# Looking at old Trek 330 for son, advice or knowledge ?



## mark290 (Jul 27, 2010)

I am looking at picking up an old Trek 330 for my 15 year old son. I am fairly new to 
road bikes, I have a Felt Z85, and know nothing about these older ones. My son has taken an interest and I want to support that. I am thinking this may be a cheap way to see if he likes it.

There are not a lot of options here for cheap and used that will hopefully get the
job done. I am not tied to this model , don’t even know anything about them.
The two that I found that look like they might fit the bill and are the right size just happen to be Trek 330s.
The first one has some possible upgrades:

http://wilmington.craigslist.org/bik/1985487943.html

Anyone have any knowledge of the components on this bike, the bike in 
general and things I would want to look for to make sure it’s not junk ?
We did go look at it and my son liked the way it rode but I have no knowledge
of these older bikes or components. In terms of price what would be fair ?
In looking around the internet I hear anything from $10 at a garage sale to
About $100 - $140 from CL is fair. I told the person that from what I’m seeing, he
is asking $250, that these bikes are going for around $100. He said he has a lot
of upgrades in the hubs, brakes and drive train but he would work with me.

“Matrix Titan wheels with DT-Swiss quick-release hubs, stainless spokes, new tubes, and good tires; Shimano Sora dual pivot side pull brakes; SunTour Cyclone 7000 series drive-train. Has Shimano down-tube shifters and dual-action brake levers.
New cables and greased throughout.”

He was very nice but not sure what that meant in terms of what he would sell
for. I didn’t push it yet because I didn’t know if I was going to buy it. Are these
“upgrades worth anything .” Lastly If I did pick it up for around $100 would it be dumb to put a new but cheap set of $150 wheels on it.

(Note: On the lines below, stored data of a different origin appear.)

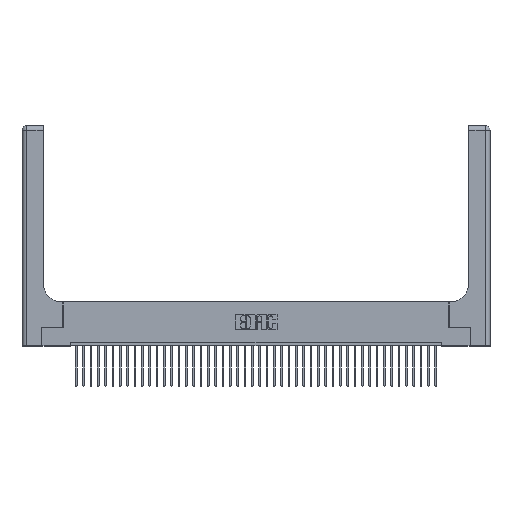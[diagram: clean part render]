
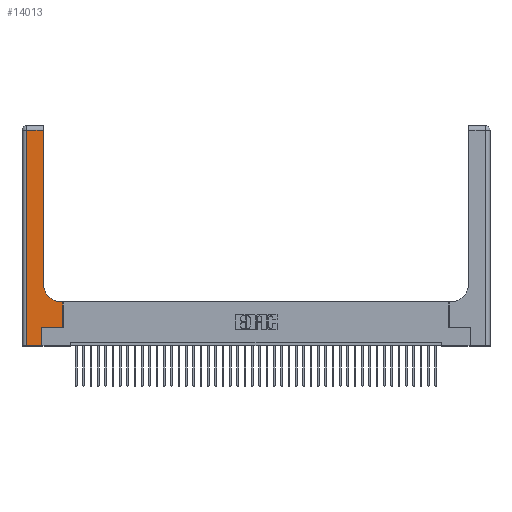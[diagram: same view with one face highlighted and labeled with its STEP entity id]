
A CAD part, top view. The second image highlights one B-rep face of the part: STEP entity #14013.
In plain terms, the highlighted planar face has unit normal (0, 0, 1).
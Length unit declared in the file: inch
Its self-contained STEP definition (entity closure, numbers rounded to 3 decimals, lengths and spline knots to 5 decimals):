
#1579 = CARTESIAN_POINT ( 'NONE',  ( 0.269, 0., 0.37 ) ) ;
#1713 = ORIENTED_EDGE ( 'NONE', *, *, #37971, .T. ) ;
#2145 = EDGE_CURVE ( 'NONE', #20434, #23981, #29748, .T. ) ;
#2212 = EDGE_CURVE ( 'NONE', #32294, #6960, #21320, .T. ) ;
#2465 = DIRECTION ( 'NONE',  ( 1., 0., 0. ) ) ;
#3377 = CARTESIAN_POINT ( 'NONE',  ( 0.5585, 0.25, 0.37 ) ) ;
#3560 = EDGE_CURVE ( 'NONE', #4503, #35674, #37829, .T. ) ;
#4349 = EDGE_CURVE ( 'NONE', #35674, #19491, #25664, .T. ) ;
#4503 = VERTEX_POINT ( 'NONE', #30843 ) ;
#5147 = DIRECTION ( 'NONE',  ( -1., 0., 0. ) ) ;
#6357 = LINE ( 'NONE', #12971, #17407 ) ;
#6960 = VERTEX_POINT ( 'NONE', #3377 ) ;
#8177 = DIRECTION ( 'NONE',  ( 0., 0., -1. ) ) ;
#8400 = CARTESIAN_POINT ( 'NONE',  ( 0.06, 3., 0.37 ) ) ;
#8406 = DIRECTION ( 'NONE',  ( 0., 1., 0. ) ) ;
#9806 = EDGE_CURVE ( 'NONE', #27120, #4503, #10914, .T. ) ;
#10914 = LINE ( 'NONE', #34176, #36622 ) ;
#11400 = DIRECTION ( 'NONE',  ( -1., 0., 0. ) ) ;
#11983 = AXIS2_PLACEMENT_3D ( 'NONE', #34910, #15352, #2465 ) ;
#12066 = EDGE_CURVE ( 'NONE', #26672, #32294, #40896, .T. ) ;
#12494 = ORIENTED_EDGE ( 'NONE', *, *, #2145, .T. ) ;
#12971 = CARTESIAN_POINT ( 'NONE',  ( 0.5585, 0.25, 0.37 ) ) ;
#13472 = FACE_OUTER_BOUND ( 'NONE', #15128, .T. ) ;
#13638 = VECTOR ( 'NONE', #34301, 39.37008 ) ;
#13750 = CARTESIAN_POINT ( 'NONE',  ( 0.06, 2.94, 0.37 ) ) ;
#13884 = ORIENTED_EDGE ( 'NONE', *, *, #12066, .T. ) ;
#14013 = ADVANCED_FACE ( 'NONE', ( #13472 ), #27475, .F. ) ;
#14278 = LINE ( 'NONE', #23697, #31924 ) ;
#15128 = EDGE_LOOP ( 'NONE', ( #19415, #27905, #12494, #19510, #13884, #32612, #1713, #20240, #15445 ) ) ;
#15352 = DIRECTION ( 'NONE',  ( 0., 0., -1. ) ) ;
#15445 = ORIENTED_EDGE ( 'NONE', *, *, #3560, .T. ) ;
#17034 = VECTOR ( 'NONE', #37053, 39.37008 ) ;
#17407 = VECTOR ( 'NONE', #19585, 39.37008 ) ;
#19415 = ORIENTED_EDGE ( 'NONE', *, *, #4349, .T. ) ;
#19491 = VERTEX_POINT ( 'NONE', #41296 ) ;
#19510 = ORIENTED_EDGE ( 'NONE', *, *, #40381, .T. ) ;
#19585 = DIRECTION ( 'NONE',  ( 0., 1., 0. ) ) ;
#20240 = ORIENTED_EDGE ( 'NONE', *, *, #9806, .T. ) ;
#20434 = VERTEX_POINT ( 'NONE', #13750 ) ;
#20952 = DIRECTION ( 'NONE',  ( 1., 0., 0. ) ) ;
#21320 = LINE ( 'NONE', #33713, #22333 ) ;
#22333 = VECTOR ( 'NONE', #20952, 39.37008 ) ;
#23697 = CARTESIAN_POINT ( 'NONE',  ( 0., 2.94, 0.37 ) ) ;
#23981 = VERTEX_POINT ( 'NONE', #30089 ) ;
#24917 = AXIS2_PLACEMENT_3D ( 'NONE', #37174, #8177, #11400 ) ;
#25664 = LINE ( 'NONE', #37212, #17034 ) ;
#26009 = DIRECTION ( 'NONE',  ( 1., 0., 0. ) ) ;
#26672 = VERTEX_POINT ( 'NONE', #1579 ) ;
#26792 = LINE ( 'NONE', #32204, #41444 ) ;
#27120 = VERTEX_POINT ( 'NONE', #40247 ) ;
#27475 = PLANE ( 'NONE',  #24917 ) ;
#27905 = ORIENTED_EDGE ( 'NONE', *, *, #28176, .T. ) ;
#28176 = EDGE_CURVE ( 'NONE', #19491, #20434, #14278, .T. ) ;
#29748 = LINE ( 'NONE', #8400, #13638 ) ;
#30089 = CARTESIAN_POINT ( 'NONE',  ( 0.06, 0., 0.37 ) ) ;
#30843 = CARTESIAN_POINT ( 'NONE',  ( 0.5415, 0.6, 0.37 ) ) ;
#31924 = VECTOR ( 'NONE', #40304, 39.37008 ) ;
#32204 = CARTESIAN_POINT ( 'NONE',  ( 0., 0., 0.37 ) ) ;
#32294 = VERTEX_POINT ( 'NONE', #39289 ) ;
#32612 = ORIENTED_EDGE ( 'NONE', *, *, #2212, .T. ) ;
#33713 = CARTESIAN_POINT ( 'NONE',  ( 0.269, 0.25, 0.37 ) ) ;
#33795 = VECTOR ( 'NONE', #8406, 39.37008 ) ;
#33855 = CARTESIAN_POINT ( 'NONE',  ( 0.269, 0., 0.37 ) ) ;
#34176 = CARTESIAN_POINT ( 'NONE',  ( 0.2915, 0.6, 0.37 ) ) ;
#34301 = DIRECTION ( 'NONE',  ( 0., -1., 0. ) ) ;
#34910 = CARTESIAN_POINT ( 'NONE',  ( 0.5415, 0.85, 0.37 ) ) ;
#35147 = CARTESIAN_POINT ( 'NONE',  ( 0.2915, 0.85, 0.37 ) ) ;
#35674 = VERTEX_POINT ( 'NONE', #35147 ) ;
#36622 = VECTOR ( 'NONE', #5147, 39.37008 ) ;
#37053 = DIRECTION ( 'NONE',  ( 0., 1., 0. ) ) ;
#37174 = CARTESIAN_POINT ( 'NONE',  ( 0., 3., 0.37 ) ) ;
#37212 = CARTESIAN_POINT ( 'NONE',  ( 0.2915, 3., 0.37 ) ) ;
#37829 = CIRCLE ( 'NONE', #11983, 0.25 ) ;
#37971 = EDGE_CURVE ( 'NONE', #6960, #27120, #6357, .T. ) ;
#39289 = CARTESIAN_POINT ( 'NONE',  ( 0.269, 0.25, 0.37 ) ) ;
#40247 = CARTESIAN_POINT ( 'NONE',  ( 0.5585, 0.6, 0.37 ) ) ;
#40304 = DIRECTION ( 'NONE',  ( -1., 0., 0. ) ) ;
#40381 = EDGE_CURVE ( 'NONE', #23981, #26672, #26792, .T. ) ;
#40896 = LINE ( 'NONE', #33855, #33795 ) ;
#41296 = CARTESIAN_POINT ( 'NONE',  ( 0.2915, 2.94, 0.37 ) ) ;
#41444 = VECTOR ( 'NONE', #26009, 39.37008 ) ;

Here is the second one I fond. The price is much better but it’s been sitting
for three years.

http://wilmington.craigslist.org/bik/1986470067.html

Thanks for any help you might be


----------



## wvucyclist (Sep 6, 2007)

Hum, seems as both of the bikes aren't listed anymore. I wouldn't expect much from a trek 330, just a bike to ride. It's as good as any old bike, the biggest thing with a bike that age is the condition it's in.


----------



## Munro (Apr 29, 2008)

*re Trek 330 for Son*

I will preface by with the obvious.. in that I do not know your financial situation or how strong your son's interest might be, or if this is the 5th sport he has been interested in over the last 6 months.

It is something you can do together and for many years and with little cost per ride.

An old bike is like an old boat... maybe not worth the repairs .

Are you comfortable with him descending at 25-40 mph on an old bike. I expect not and adding new parts will push costs up and you will not recover the expenditure .

Better to buy a new or used lower end Trek ... loss on resale if it should happen will be not greater than loss on the old bike.
Getting him hooked on cycling is worth more than the outlay.


----------